Guy, 70 ans, est un marchand d’arts vivant aux Etats-Unis. Il est accusé de fraude fiscale et blanchiment aggravé. Il aurait, selon les enquêteurs, soustrait à l’impôt la plus grande part de la fortune familiale, faite de tableaux et de biens immobiliers de prestige, après le décès de son père Daniel en 2001 et après la disparition en 2008 de son frère aîné Alec.

Le fisc français a adressé fin 2014 un redressement de plus de 550 millions d’euros aux héritiers Wildenstein, dont la fortune totale est estimée à plusieurs milliards.

 

Sylvia Wildenstein, la veuve

A la mort de son mari Daniel, Sylvia Roth-Wildenstein se serait laissé convaincre par Guy et Alec de renoncer à l’héritage contre une rente annuelle.

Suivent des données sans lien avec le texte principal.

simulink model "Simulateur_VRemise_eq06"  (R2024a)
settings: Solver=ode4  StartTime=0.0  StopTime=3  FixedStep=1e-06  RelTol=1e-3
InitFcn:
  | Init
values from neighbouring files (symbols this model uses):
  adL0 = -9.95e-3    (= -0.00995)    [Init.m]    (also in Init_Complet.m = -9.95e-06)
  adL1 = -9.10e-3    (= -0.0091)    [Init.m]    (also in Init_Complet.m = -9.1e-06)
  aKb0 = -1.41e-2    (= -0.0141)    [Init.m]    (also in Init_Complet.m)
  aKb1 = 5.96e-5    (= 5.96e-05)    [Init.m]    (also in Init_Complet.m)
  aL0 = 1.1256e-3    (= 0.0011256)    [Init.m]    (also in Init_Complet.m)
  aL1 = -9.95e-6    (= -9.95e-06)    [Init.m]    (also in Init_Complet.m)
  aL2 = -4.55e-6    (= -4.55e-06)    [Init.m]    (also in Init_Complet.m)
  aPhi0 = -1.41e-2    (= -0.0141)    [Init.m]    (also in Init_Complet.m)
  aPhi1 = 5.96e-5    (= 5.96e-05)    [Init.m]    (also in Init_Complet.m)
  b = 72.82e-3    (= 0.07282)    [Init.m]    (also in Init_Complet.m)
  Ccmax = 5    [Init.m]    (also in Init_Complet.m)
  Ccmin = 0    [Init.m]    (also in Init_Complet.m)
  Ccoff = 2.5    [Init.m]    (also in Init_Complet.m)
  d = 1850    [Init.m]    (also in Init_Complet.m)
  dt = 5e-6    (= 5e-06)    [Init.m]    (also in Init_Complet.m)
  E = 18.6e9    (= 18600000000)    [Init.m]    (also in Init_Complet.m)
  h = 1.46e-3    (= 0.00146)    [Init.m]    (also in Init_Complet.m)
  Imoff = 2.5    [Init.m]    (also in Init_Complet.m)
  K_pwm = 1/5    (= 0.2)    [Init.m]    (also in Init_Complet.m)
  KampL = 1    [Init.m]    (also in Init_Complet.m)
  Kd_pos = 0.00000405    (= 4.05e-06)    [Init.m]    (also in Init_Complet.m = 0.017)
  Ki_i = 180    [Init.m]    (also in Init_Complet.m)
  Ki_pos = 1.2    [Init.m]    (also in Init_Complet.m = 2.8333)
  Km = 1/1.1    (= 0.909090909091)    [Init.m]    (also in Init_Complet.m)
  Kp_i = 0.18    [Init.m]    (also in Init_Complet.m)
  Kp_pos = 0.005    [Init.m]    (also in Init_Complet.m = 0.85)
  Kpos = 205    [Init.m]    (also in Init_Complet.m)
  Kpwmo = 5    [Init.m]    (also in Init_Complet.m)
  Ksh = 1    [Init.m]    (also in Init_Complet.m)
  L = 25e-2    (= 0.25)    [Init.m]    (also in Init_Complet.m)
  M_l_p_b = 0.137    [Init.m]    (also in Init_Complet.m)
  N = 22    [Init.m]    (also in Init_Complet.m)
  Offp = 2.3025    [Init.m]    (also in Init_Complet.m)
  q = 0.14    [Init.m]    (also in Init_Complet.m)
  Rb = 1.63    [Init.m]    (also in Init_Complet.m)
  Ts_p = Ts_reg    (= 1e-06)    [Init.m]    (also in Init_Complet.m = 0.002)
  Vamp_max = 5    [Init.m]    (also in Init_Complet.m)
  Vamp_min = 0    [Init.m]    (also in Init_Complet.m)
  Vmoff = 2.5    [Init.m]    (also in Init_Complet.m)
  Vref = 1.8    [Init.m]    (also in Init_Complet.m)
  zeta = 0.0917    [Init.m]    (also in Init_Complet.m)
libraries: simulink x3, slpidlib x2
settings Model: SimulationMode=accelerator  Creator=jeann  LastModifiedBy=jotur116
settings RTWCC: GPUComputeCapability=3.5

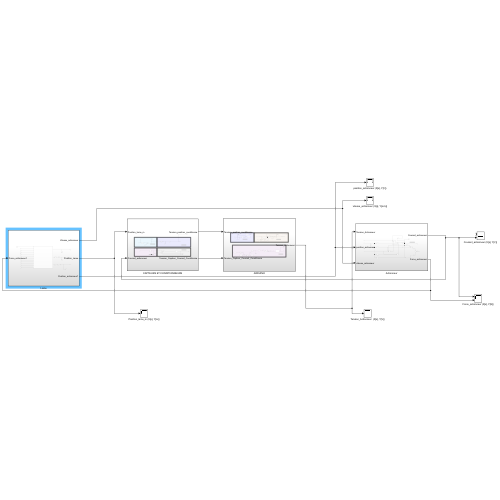
[thumbnail: Simulink's stored preview of the top-level diagram]
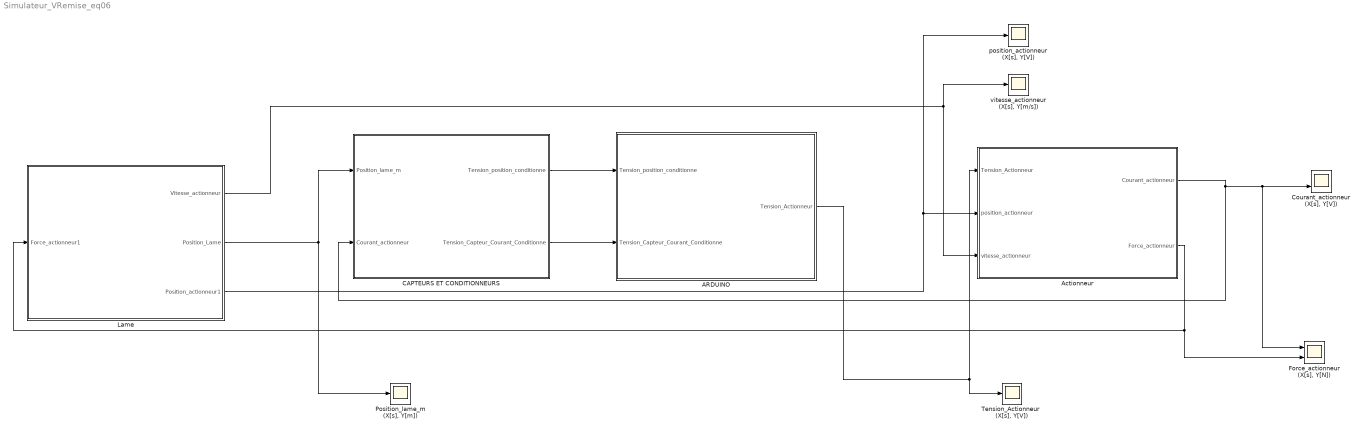
== system Simulateur_VRemise_eq06 ==
  ARDUINO : Subsystem
  Actionneur : Subsystem
  CAPTEURS ET CONDITIONNEURS : Subsystem
  "Courant_actionneur (X[s], Y[V])" : Scope  NumInputPorts=2
  "Force_actionneur (X[s], Y[N])" : Scope  NumInputPorts=2
  Lame : Subsystem
  "Position_lame_m (X[s], Y[m])" : Scope
  "Tension_Actionneur  (X[s], Y[V])" : Scope
  "position_actionneur (X[s], Y[V])" : Scope
  "vitesse_actionneur (X[s], Y[m/s])" : Scope
  wires:
  Lame/3(Position_actionneur1) -> "position_actionneur (X[s], Y[V])"/1, Actionneur/2(position_actionneur)
  Lame/1(Vitesse_actionneur) -> Actionneur/3(vitesse_actionneur), "vitesse_actionneur (X[s], Y[m/s])"/1
  Lame/2(Position_Lame) -> CAPTEURS ET CONDITIONNEURS/1(Position_lame_m), "Position_lame_m (X[s], Y[m])"/1
  CAPTEURS ET CONDITIONNEURS/1(Tension_position_conditionne) -> ARDUINO/1(Tension_position_conditionne)
  CAPTEURS ET CONDITIONNEURS/2(Tension_Capteur_Courant_Conditionne) -> ARDUINO/2(Tension_Capteur_Courant_Conditionne)
  ARDUINO/1(Tension_Actionneur) -> "Tension_Actionneur  (X[s], Y[V])"/1, Actionneur/1(Tension_Actionneur)
  Actionneur/1(Courant_actionneur) -> CAPTEURS ET CONDITIONNEURS/2(Courant_actionneur), "Courant_actionneur (X[s], Y[V])"/2, "Force_actionneur (X[s], Y[N])"/1
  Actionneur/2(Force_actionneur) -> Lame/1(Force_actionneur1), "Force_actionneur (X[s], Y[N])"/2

Les deux frères lui auraient fait croire que leur père est mort ruiné. Ils déclarent en 2002 un héritage de 40,9 millions d’euros (actif net). Trois ans plus tard, la veuve de Daniel se retourne contre ses beaux-fils. La justice rouvre le dossier en réintégrant Sylvia Roth à la succession

Elle leur reproche de lui avoir dissimulé une immense partie du patrimoine familial, logé dans des « trusts », des sociétés-écran dans les paradis fiscaux. En juillet 2009, le parquet de Paris ouvre une enquête après une plainte pour « abus de confiance » de Sylvia Roth, qui meurt l’année suivante. C’est elle, qui est à l’origine de l’expression « Dallas-sur Seine », pour illustrer les querelles judiciaires du clan.

Liouba Wildenstein, la rebelle

Avec le décès d’Alec en 2008, ses deux enfants - Diane et Alec Junior - ainsi que sa veuve Liouba Stoupakova, épousée en secondes noces, entrent dans la succession. En 2011, cette dernière entre à son tour en guerre ouverte contre le clan. Liouba Wildenstein dépose une plainte contre X avec constitution de partie civile pour abus de confiance.

S’estimant exclue de la succession, elle fournit une nouvelle série de pièces décisives à la justice. A l’ouverture du procès de Guy Wildenstein devant le tribunal correctionnel de Paris ce lundi, elle comparaît pour complicité de blanchiment aggravé et son neveu Alec Junior pour fraude fiscale.

Jocelyn Wildenstein, « Catwoman »

Pour ses excès de bistouri, elle est peut-être la plus célèbre du clan Wildenstein. Jocelyn Périsset est la première épouse d’Alec et mère de ses deux enfants, Alec Junior et Diane. L’excentrique « fiancée de Wildenstein » est la première à lever un coin de voile sur le patrimoine de la taiseuse famille, lors d’un divorce houleux et médiatique, en 1998.